Two weeks ago I finished our “delivery playlist,” a Spotify playlist of about 100 songs we’d play as our baby was making its way into the world. Sarah would be in tremendous pain, needing every inch of support and comfort to finish the pregnancy, and little was more comfortable for her than music.

For us it’s always been music. We spent the first several weekends of our relationship riding in trains and driving in cars from Middletown to Queens, our only companions the music that buzzed into our ears. Back then there was newer artists like Bon Iver, Real Estate and Cut Copy alongside older favorites like Todd Rundgren and Hall & Oates. Plenty of searching, new sunshine to let in, discoveries to be made.

As we grew deeper in love, we’d take road trips together with music blaring from my car. The Band and Stevie Wonder were two of our frequent passengers during those weekends.

One day, mid-pregnancy, as I drove alone on Interstate 87, the strains of Loggins & Messina’s seminal hit “Danny’s Song” began to play. Kenny Loggins wrote it for his brother Danny upon the birth of his first child. The song clearly resonated with me, and at some point in the middle of the song I began to tear up.

I’m not in the best place with the family that raised me. I recently faced my inability to cope with difficult situations; the hurt and scorn that helped shape my past; and my damaged relationship with my mother, my brothers, and many of the people who’ve known me for decades. It has been a challenging last two years. I’ve cried, screamed and assessed often, and so much that the carousel of emotions have spun into a blur.

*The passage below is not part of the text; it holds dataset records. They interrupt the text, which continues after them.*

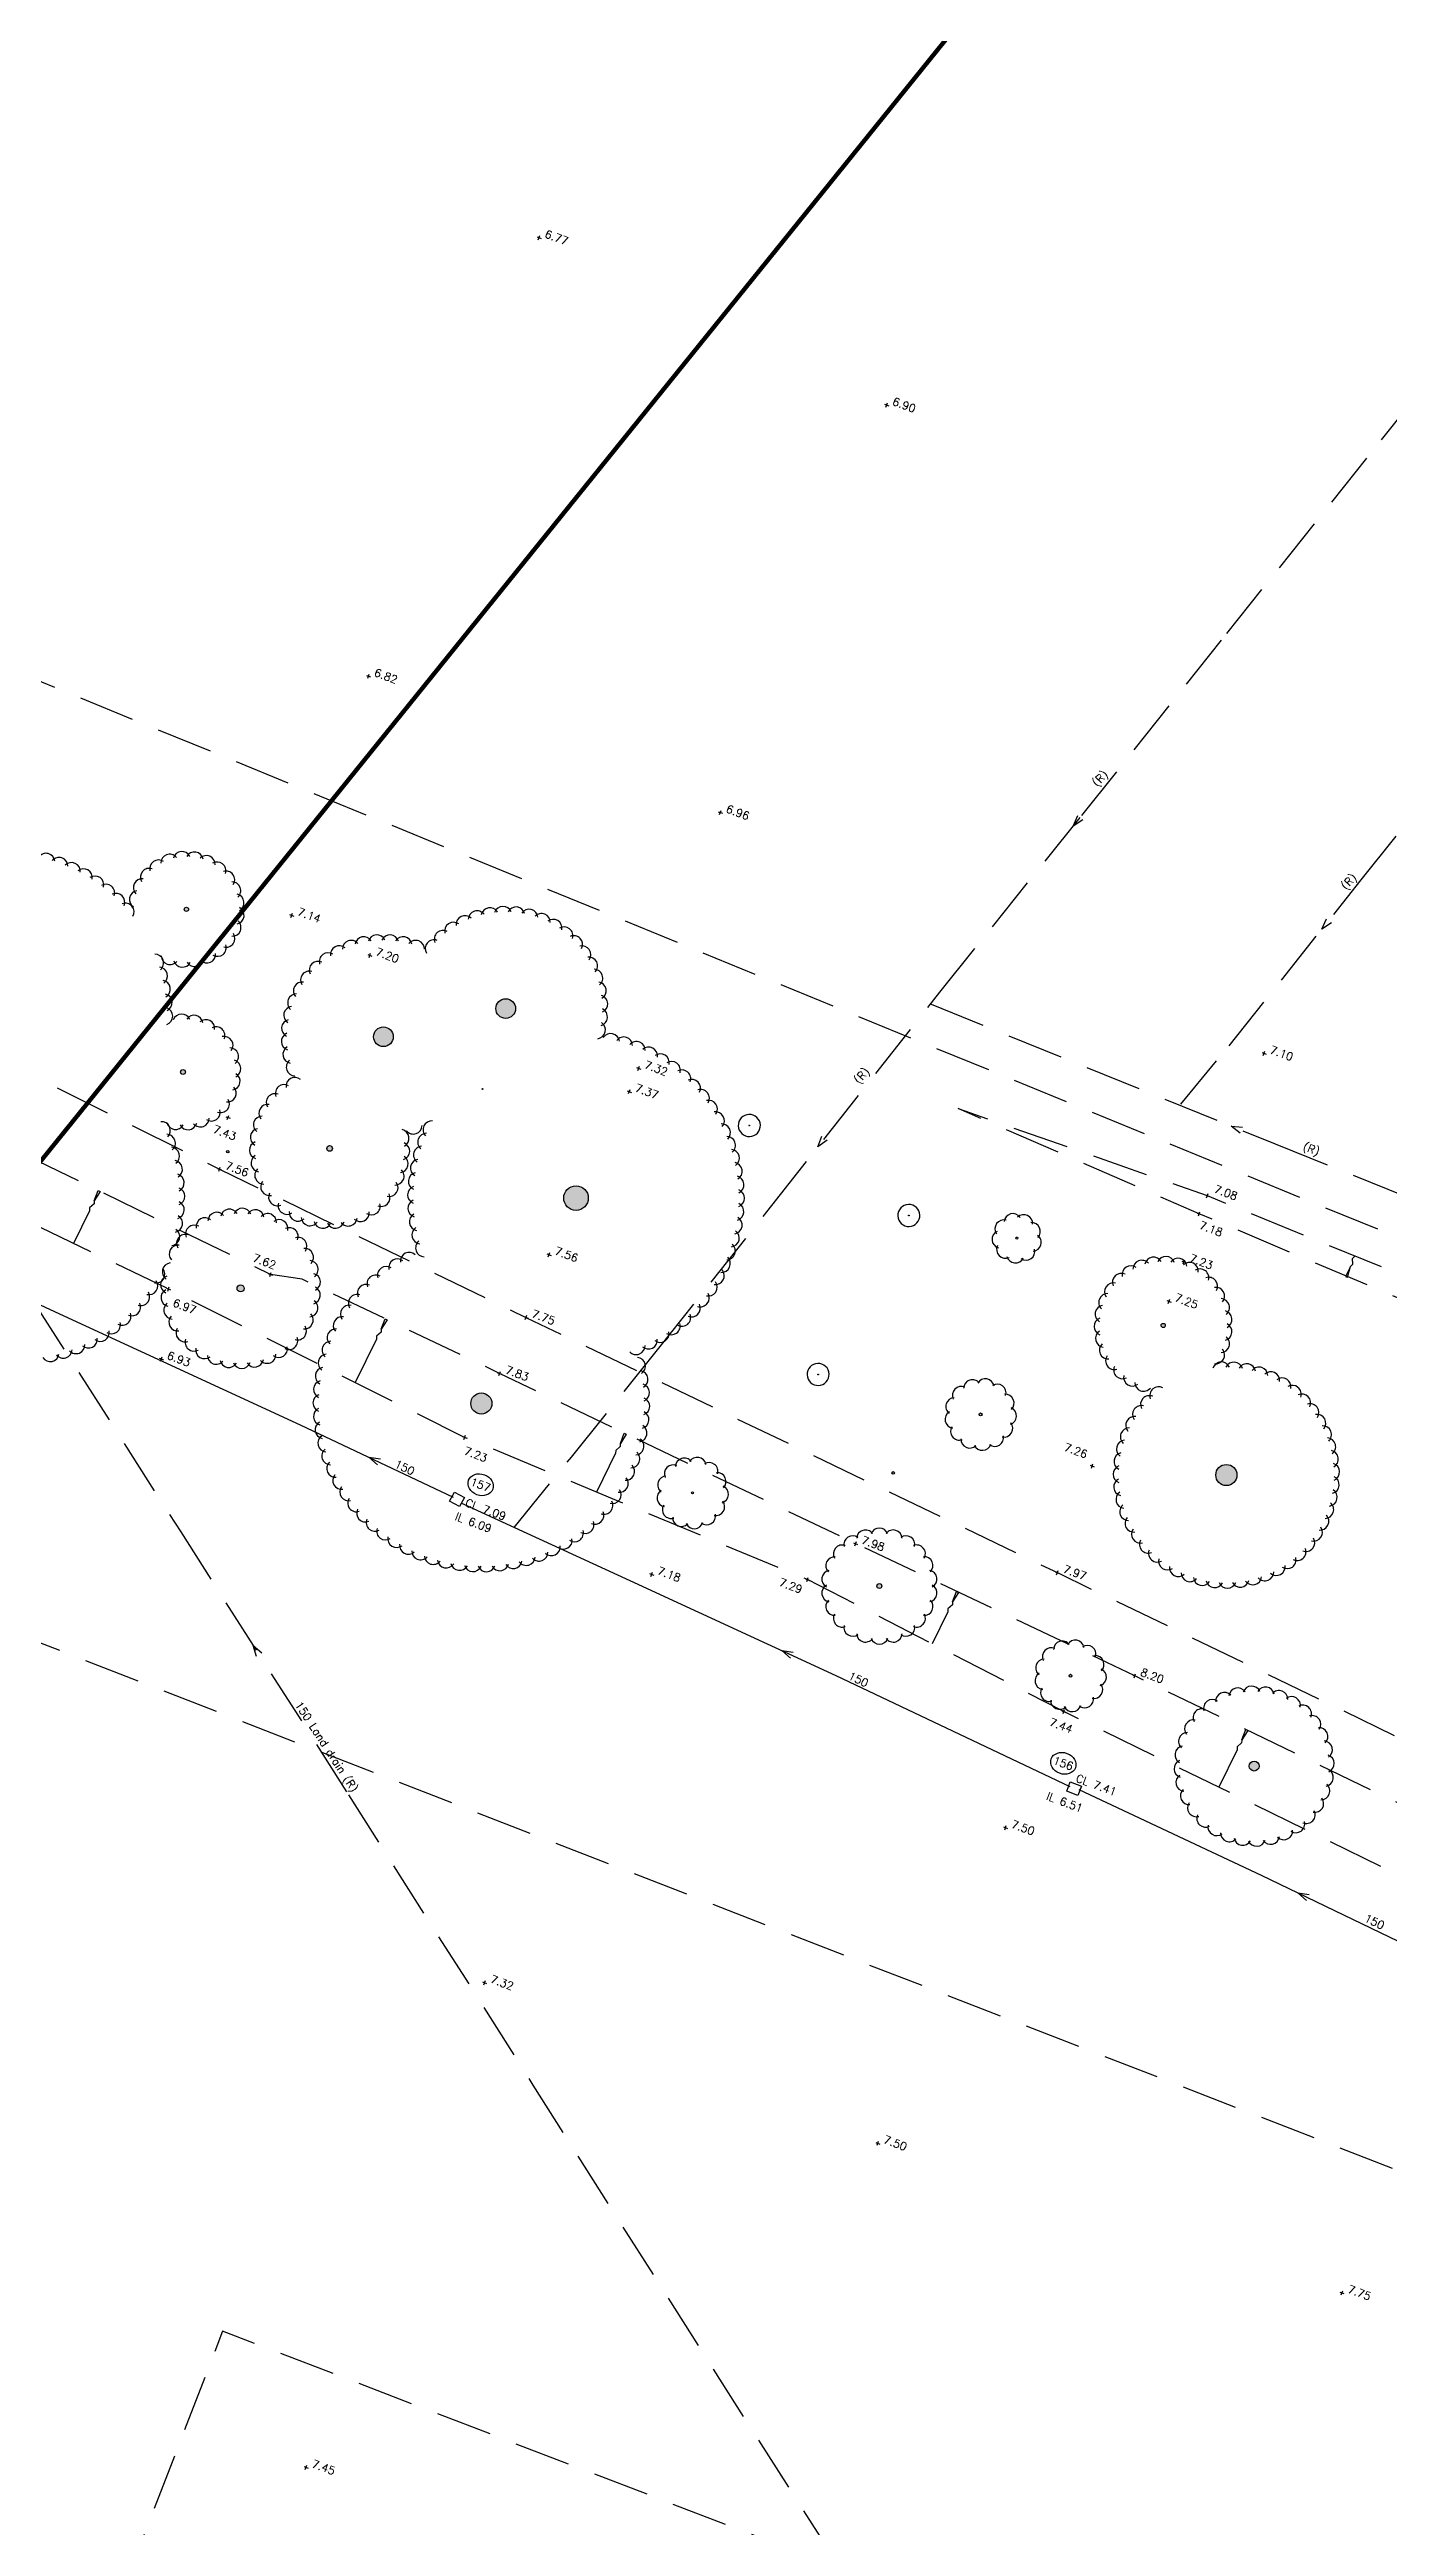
# Model space of a CAD drawing. Header units: millimetres. Extents: x 521005098 to 521837086, y 174609906 to 175681253.
# Drawn here: x 521221462 to 521282116, y 174806991 to 174919244 of the extents above; entities that cross this region are included whole.
import ezdxf
from ezdxf.enums import TextEntityAlignment as Align

# ---------------------------------------------------------------- set-up
doc = ezdxf.new("R2010")
doc.units = ezdxf.units.MM
doc.header["$LTSCALE"] = 200
doc.linetypes.add('layout$0$DASHED', pattern=[19.05, 12.7, -6.35])
doc.linetypes.add('layout$0$survey$0$DASHED', pattern=[19.05, 12.7, -6.35])
for name, color, linetype in [('layout$0$ED-STORM', 3, 'Continuous'), ('layout$0$survey$0$DETAIL', 8, 'Continuous'), ('layout$0$survey$0$LEVEL', 8, 'Continuous'), ('layout$0$survey$0$ROAD', 8, 'Continuous'), ('layout$0$survey$0$SERVICE', 8, 'Continuous'), ('layout$0$survey$0$SPORTS_PITCH', 8, 'layout$0$survey$0$DASHED'), ('layout$0$survey$0$VEGETATION', 8, 'Continuous'), ('layout$0$survey$0$WATER', 8, 'Continuous')]:
    doc.layers.add(name, color=color, linetype=linetype)
doc.styles.add('layout$0$ROMANS', font='Romans.shx')
doc.styles.add('layout$0$survey$0$ROMANS', font='Romans.shx')

# ---------------------------------------------------------------- blocks, each defined once
blk = doc.blocks.new('layout$0$S')
at = {"layer": 'layout$0$ED-STORM'}
blk.add_lwpolyline([(-0.5, 0.15), (0, 0), (-0.5, -0.15)], dxfattribs=at)
blk = doc.blocks.new('layout')
at = {"layer": 'layout$0$survey$0$SERVICE', "linetype": 'Continuous'}
h = blk.add_hatch(color=256, dxfattribs=at)
edge = h.paths.add_edge_path()
edge.add_arc((521229531.7, 174869296.3), 60, 0, 360)
edge = h.paths.add_edge_path()
edge.add_arc((521259679.4, 174854735.3), 60, 0, 360)
at = {"layer": 'layout$0$survey$0$VEGETATION', "linetype": 'Continuous'}
h = blk.add_hatch(color=256, dxfattribs=at)
edge = h.paths.add_edge_path()
edge.add_arc((521165003.1, 174892880.9), 175.1, 0, 360)
edge = h.paths.add_edge_path()
edge.add_arc((521162618.9, 174893948.8), 175.1, 0, 360)
edge = h.paths.add_edge_path()
edge.add_arc((521178430.7, 174885976.9), 175.1, 0, 360)
edge = h.paths.add_edge_path()
edge.add_arc((521175659, 174887101.9), 175.1, 0, 360)
edge = h.paths.add_edge_path()
edge.add_arc((521173585.9, 174888207.3), 175.1, 0, 360)
edge = h.paths.add_edge_path()
edge.add_arc((521171315.7, 174889272), 175.1, 0, 360)
edge = h.paths.add_edge_path()
edge.add_arc((521169177.4, 174890382.3), 175.1, 0, 360)
edge = h.paths.add_edge_path()
edge.add_arc((521182741.7, 174883481.9), 127.3, 0, 360)
edge = h.paths.add_edge_path()
edge.add_arc((521180658.6, 174884572.7), 127.3, 0, 360)
edge = h.paths.add_edge_path()
edge.add_arc((521185158.5, 174882044.2), 127.3, 0, 360)
edge = h.paths.add_edge_path()
edge.add_arc((521181930.5, 174878260.9), 159.2, 0, 360)
edge = h.paths.add_edge_path()
edge.add_arc((521205375.9, 174889234.2), 133.7, 0, 360)
edge = h.paths.add_edge_path()
edge.add_arc((521204192.9, 174889780.6), 95.5, 0, 360)
edge = h.paths.add_edge_path()
edge.add_arc((521207171, 174888406.2), 114.6, 0, 360)
edge = h.paths.add_edge_path()
edge.add_arc((521206203.1, 174888874.6), 95.5, 0, 360)
edge = h.paths.add_edge_path()
edge.add_arc((521208215.3, 174887889.2), 95.5, 0, 360)
edge = h.paths.add_edge_path()
edge.add_arc((521209442.3, 174887283.4), 270.6, 0, 360)
edge = h.paths.add_edge_path()
edge.add_arc((521219409.4, 174875439.7), 477.5, 0, 360)
edge = h.paths.add_edge_path()
edge.add_arc((521219958.8, 174867246.7), 477.5, 0, 360)
edge = h.paths.add_edge_path()
edge.add_arc((521211561.3, 174872322.9), 127.3, 0, 360)
edge = h.paths.add_edge_path()
edge.add_arc((521227662.7, 174880278.9), 95.5, 0, 360)
edge = h.paths.add_edge_path()
edge.add_arc((521227504, 174872905.4), 111.4, 0, 360)
edge = h.paths.add_edge_path()
edge.add_arc((521236587.5, 174874502.7), 445.6, 0, 360)
edge = h.paths.add_edge_path()
edge.add_arc((521242126.1, 174875783.2), 445.6, 0, 360)
edge = h.paths.add_edge_path()
edge.add_arc((521234148.6, 174869442.9), 127.3, 0, 360)
edge = h.paths.add_edge_path()
edge.add_arc((521230113, 174863101), 159.2, 0, 360)
edge = h.paths.add_edge_path()
edge.add_arc((521194955.6, 174847908.9), 445.6, 0, 360)
edge = h.paths.add_edge_path()
edge.add_arc((521192158.4, 174854441.8), 111.4, 0, 360)
edge = h.paths.add_edge_path()
edge.add_arc((521195832.4, 174862954.8), 477.5, 0, 360)
edge = h.paths.add_edge_path()
edge.add_arc((521197701.4, 174864962.3), 191, 0, 360)
edge = h.paths.add_edge_path()
edge.add_arc((521198529.3, 174866549.1), 191, 0, 360)
edge = h.paths.add_edge_path()
edge.add_arc((521196157.7, 174870358.3), 206.9, 0, 360)
edge = h.paths.add_edge_path()
edge.add_arc((521195099.7, 174860109.1), 111.4, 0, 360)
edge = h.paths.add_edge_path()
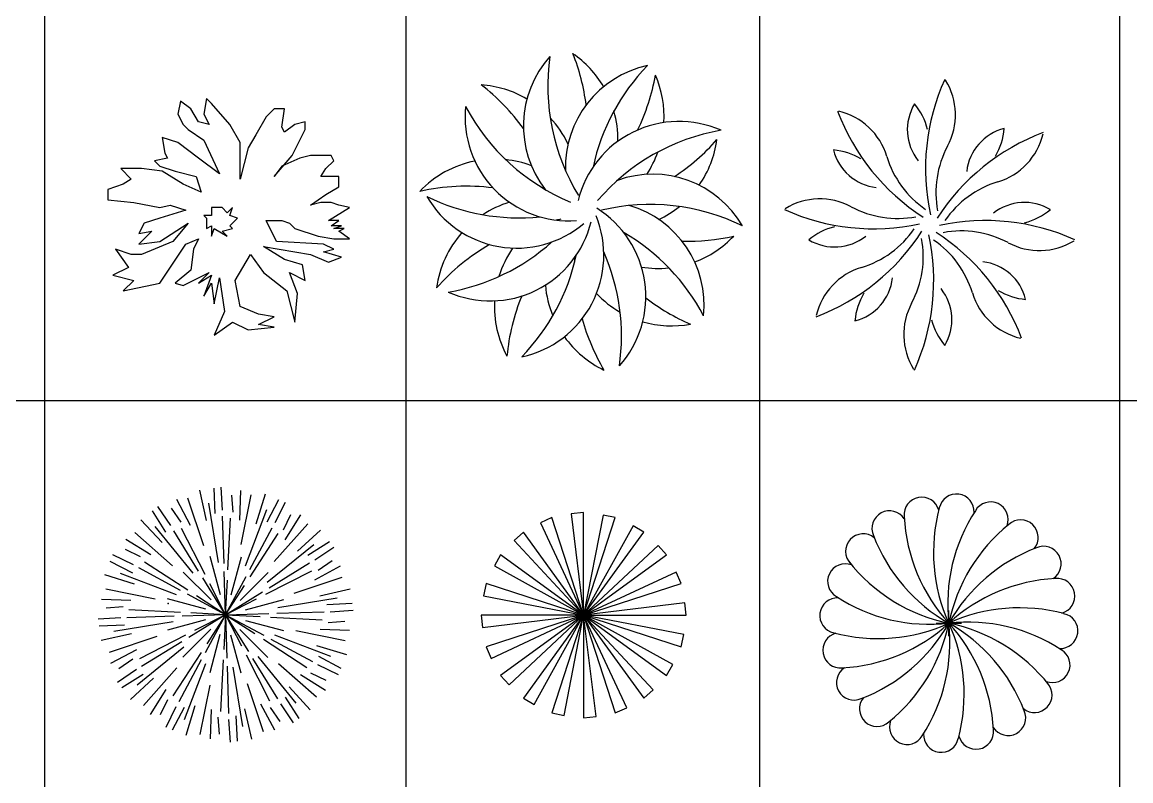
# Model space of a CAD drawing. Header units: millimetres. Extents: x -4017 to 59953, y -688 to 66564.
# Drawn here: x 5757 to 12246, y 16596 to 21034 of the extents above; entities that cross this region are included whole.
import ezdxf

# ---------------------------------------------------------------- set-up
doc = ezdxf.new("R2010")
doc.units = ezdxf.units.MM
doc.layers.add('www.cad-blocks.net', color=7, linetype='Continuous')

# ---------------------------------------------------------------- blocks, each defined once
blk = doc.blocks.new('A$C516926BB')
for p, q in [((8.3458, 38.5194), (8.3458, 0)), ((10.4622, 38.5194), (10.4622, 0)), ((12.5317, 38.5194), (12.5317, 0)), ((14.6381, 38.5194), (14.6381, 0)), ((0, 9.4442), (62.4121, 9.4442))]:
    blk.add_line(p, q)
blk = doc.blocks.new('A$C3B3E676E')
at = {"linetype": 'Continuous'}
for p, q in [((0.4258, 1.3686), (0.4106, 1.2925)), ((0.4866, 1.323), (0.4258, 1.3686)), ((0.5778, 1.3838), (0.5626, 1.2925)), ((0.6083, 1.3534), (0.5778, 1.3838)), ((0.5322, 1.2469), (0.4866, 1.323)), ((0.7147, 1.2317), (0.6083, 1.3534)), ((0.9732, 1.323), (0.9276, 1.2773)), ((1.034, 1.323), (0.9732, 1.323)), ((1.0188, 1.2165), (1.034, 1.323)), ((0.4106, 1.2925), (0.441, 1.2317)), ((0.5931, 1.2317), (0.5322, 1.2469)), ((0.5626, 1.2925), (0.5931, 1.2317)), ((0.9276, 1.2773), (0.8668, 1.1709)), ((1.1557, 1.2469), (1.0949, 1.2317)), ((1.1557, 1.2013), (1.1557, 1.2469)), ((0.441, 1.2317), (0.4714, 1.2013)), ((0.4714, 1.2013), (0.5626, 1.1405)), ((0.7755, 1.1253), (0.7147, 1.2317)), ((0.8668, 1.1709), (0.8211, 1.0949)), ((1.034, 1.1861), (1.0188, 1.2165)), ((1.0949, 1.2317), (1.034, 1.1861)), ((1.0797, 1.0492), (1.1557, 1.2013)), ((0.3193, 1.1557), (0.3345, 1.0644)), ((0.4106, 1.1253), (0.3193, 1.1557)), ((0.5322, 1.034), (0.4106, 1.1253)), ((0.5626, 1.1405), (0.6539, 0.9428)), ((0.7755, 0.9884), (0.7755, 1.1253)), ((0.3345, 1.0644), (0.3497, 1.034)), ((0.8211, 1.0949), (0.7755, 0.9124)), ((0.9732, 0.9276), (1.0797, 1.0492)), ((1.1861, 1.0492), (1.1253, 1.034)), ((1.3078, 1.0492), (1.1861, 1.0492)), ((1.323, 1.0188), (1.3078, 1.0492)), ((0.3497, 1.034), (0.2737, 1.0188)), ((0.2737, 1.0188), (0.3041, 0.9884)), ((0.3041, 0.9884), (0.3954, 0.958)), ((0.6539, 0.9428), (0.5322, 1.034)), ((0.7755, 0.9124), (0.7755, 0.9884)), ((1.0188, 0.9884), (0.9732, 0.9276)), ((1.1253, 1.034), (1.0188, 0.9884)), ((1.2773, 0.9732), (1.323, 1.0188)), ((0.076, 0.9732), (0.1369, 0.9124)), ((0.1977, 0.9732), (0.076, 0.9732)), ((0.1369, 0.9124), (0.0912, 0.882)), ((0.3193, 0.958), (0.1977, 0.9732)), ((0.441, 0.882), (0.3193, 0.958)), ((0.3954, 0.958), (0.517, 0.9276)), ((0.517, 0.9276), (0.5474, 0.8364)), ((1.2469, 0.9276), (1.2773, 0.9732)), ((1.3382, 0.9276), (1.2469, 0.9276)), ((1.3534, 0.9276), (1.3382, 0.9276)), ((1.3534, 0.8668), (1.3534, 0.9276)), ((0.0912, 0.882), (0, 0.8516)), ((0, 0.8516), (0, 0.7907)), ((0.5474, 0.8364), (0.441, 0.882)), ((1.2773, 0.8211), (1.3534, 0.8668)), ((0, 0.7907), (0.1521, 0.7755)), ((1.1861, 0.7603), (1.2773, 0.8211)), ((0.1521, 0.7755), (0.3041, 0.7451)), ((0.3041, 0.7451), (0.365, 0.7603)), ((0.4562, 0.7299), (0.3041, 0.6843)), ((0.365, 0.7603), (0.4562, 0.7299)), ((0.6083, 0.7451), (0.6083, 0.6995)), ((0.6691, 0.7451), (0.6083, 0.7451)), ((0.6995, 0.7147), (0.6691, 0.7451)), ((0.7299, 0.7451), (0.6995, 0.7147)), ((0.7147, 0.6995), (0.7299, 0.7451)), ((1.2469, 0.7755), (1.1861, 0.7603)), ((1.3078, 0.7755), (1.2469, 0.7755)), ((1.2925, 0.6691), (1.4142, 0.7451)), ((1.3534, 0.7603), (1.3078, 0.7755)), ((1.4142, 0.7451), (1.3534, 0.7603)), ((0.2129, 0.6539), (0.1825, 0.593)), ((0.3041, 0.6843), (0.2129, 0.6539)), ((0.3041, 0.5474), (0.4714, 0.6539)), ((0.4714, 0.6539), (0.3802, 0.5474)), ((0.5626, 0.6995), (0.5778, 0.6843)), ((0.6083, 0.6995), (0.5626, 0.6995)), ((0.5778, 0.6843), (0.5778, 0.6235)), ((0.7603, 0.6843), (0.7147, 0.6995)), ((0.7147, 0.6387), (0.7603, 0.6843)), ((0.9884, 0.5474), (0.9276, 0.6691)), ((0.9276, 0.6691), (1.0188, 0.6691)), ((1.0188, 0.6691), (1.0644, 0.6539)), ((1.0644, 0.6539), (1.0949, 0.6235)), ((1.3534, 0.6691), (1.2925, 0.6691)), ((1.3078, 0.6387), (1.3534, 0.6691)), ((0.2585, 0.6083), (0.1825, 0.5322)), ((0.1825, 0.593), (0.2585, 0.6083)), ((0.5778, 0.6235), (0.6083, 0.6387)), ((0.6083, 0.6387), (0.6083, 0.5778)), ((0.6083, 0.5778), (0.6235, 0.6235)), ((0.6235, 0.6235), (0.6995, 0.5778)), ((0.6691, 0.6083), (0.7299, 0.6235)), ((0.6995, 0.5778), (0.6691, 0.6083)), ((0.7299, 0.6235), (0.7147, 0.6387)), ((1.0949, 0.6235), (1.2317, 0.5778)), ((1.3686, 0.6387), (1.3078, 0.6387)), ((1.323, 0.6235), (1.3686, 0.6387)), ((1.3838, 0.6235), (1.323, 0.6235)), ((1.3534, 0.6083), (1.3838, 0.6235)), ((1.4142, 0.5626), (1.3534, 0.6083)), ((0.1825, 0.5322), (0.3041, 0.5474)), ((0.3802, 0.5474), (0.1977, 0.4714)), ((0.3041, 0.3041), (0.4562, 0.5322)), ((0.4562, 0.5322), (0.5322, 0.5626)), ((0.5322, 0.5626), (0.5018, 0.5018)), ((1.2621, 0.5322), (0.9884, 0.5474)), ((1.2317, 0.5778), (1.323, 0.5626)), ((1.323, 0.5018), (1.2621, 0.5322)), ((1.323, 0.5626), (1.4142, 0.5626)), ((0.0456, 0.5018), (0.1217, 0.3954)), ((0.1369, 0.4714), (0.0456, 0.5018)), ((0.1977, 0.4714), (0.1369, 0.4714)), ((0.5018, 0.5018), (0.4866, 0.3802)), ((0.7451, 0.3193), (0.8364, 0.4714)), ((0.8364, 0.4714), (0.9124, 0.365)), ((0.9124, 0.517), (1.1861, 0.4714)), ((1.034, 0.441), (0.9124, 0.517)), ((1.1861, 0.4714), (1.2925, 0.4258)), ((1.2621, 0.4866), (1.323, 0.5018)), ((1.3686, 0.4562), (1.2621, 0.4866)), ((1.2925, 0.4258), (1.3686, 0.4562)), ((0.1217, 0.3954), (0.0304, 0.3497)), ((1.1405, 0.4106), (1.034, 0.441)), ((1.1557, 0.3193), (1.1405, 0.4106)), ((0.0304, 0.3497), (0.1521, 0.3193)), ((0.4866, 0.3802), (0.3954, 0.3041)), ((0.441, 0.2889), (0.5931, 0.365)), ((0.5931, 0.365), (0.5322, 0.3041)), ((0.5322, 0.3041), (0.6083, 0.3497)), ((0.6083, 0.3497), (0.5626, 0.2281)), ((0.6235, 0.1825), (0.6539, 0.3345)), ((0.6539, 0.3345), (0.6843, 0.1369)), ((0.9124, 0.365), (1.0492, 0.2585)), ((1.0644, 0.365), (1.1557, 0.3193)), ((1.1101, 0.2433), (1.0644, 0.365)), ((0.1521, 0.3193), (0.0912, 0.2585)), ((0.0912, 0.2585), (0.3041, 0.3041)), ((0.3954, 0.3041), (0.441, 0.2889)), ((0.5626, 0.2281), (0.6083, 0.3041)), ((0.6083, 0.3041), (0.6235, 0.1825)), ((0.7755, 0.1673), (0.7451, 0.3193)), ((1.0492, 0.2585), (1.0949, 0.076)), ((1.0949, 0.076), (1.1101, 0.2433)), ((0.6843, 0.1369), (0.6235, 0)), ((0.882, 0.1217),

As a parent I feel an obligation to be better than the past that shaped me, to rise above hurt and scorn. And a song like “Danny’s Song,” which tenderly outlines the hopes of a parent to fulfill his obligation, strikes right to the heart of that feeling.

I started the “delivery playlist” around 4 p.m. Nov. 3, as Sarah zoned out in a hot tub, each contraction clamping against every inch of her body. There was the Band’s “The Weight.” There was Stevie Wonder’s “Uptight.” It seemed too perfect.

Hours later Sarah was drenched in sweat, a cold compress and ice cubes giving her fleeting relief. Each contraction meant another round of unstoppable pushing. Alicia Keys gave us “Girl on Fire.” The Pointer Sisters chimed in with “We’ve Got the Power.” There were fun songs, upbeat stuff, the nurses singing along in those long pauses between contractions.

At 1:30 a.m. Nov. 4, “Danny’s Song” played. Sarah was exhaling deeply. I was standing beside her. Our five-minute-old daughter, Genevieve Waverly Malcolm, rested on Sarah’s chest. A nurse recorded the moment as we sang to our 7-pound, 7-ounce Evie:

“And even though we ain’t got money,

I’m so in love with you, honey,

And everything will bring a chain of love.

And in the morning, when I rise,

You bring a tear of joy to my eye,

And tell me everything’s gonna be all right.”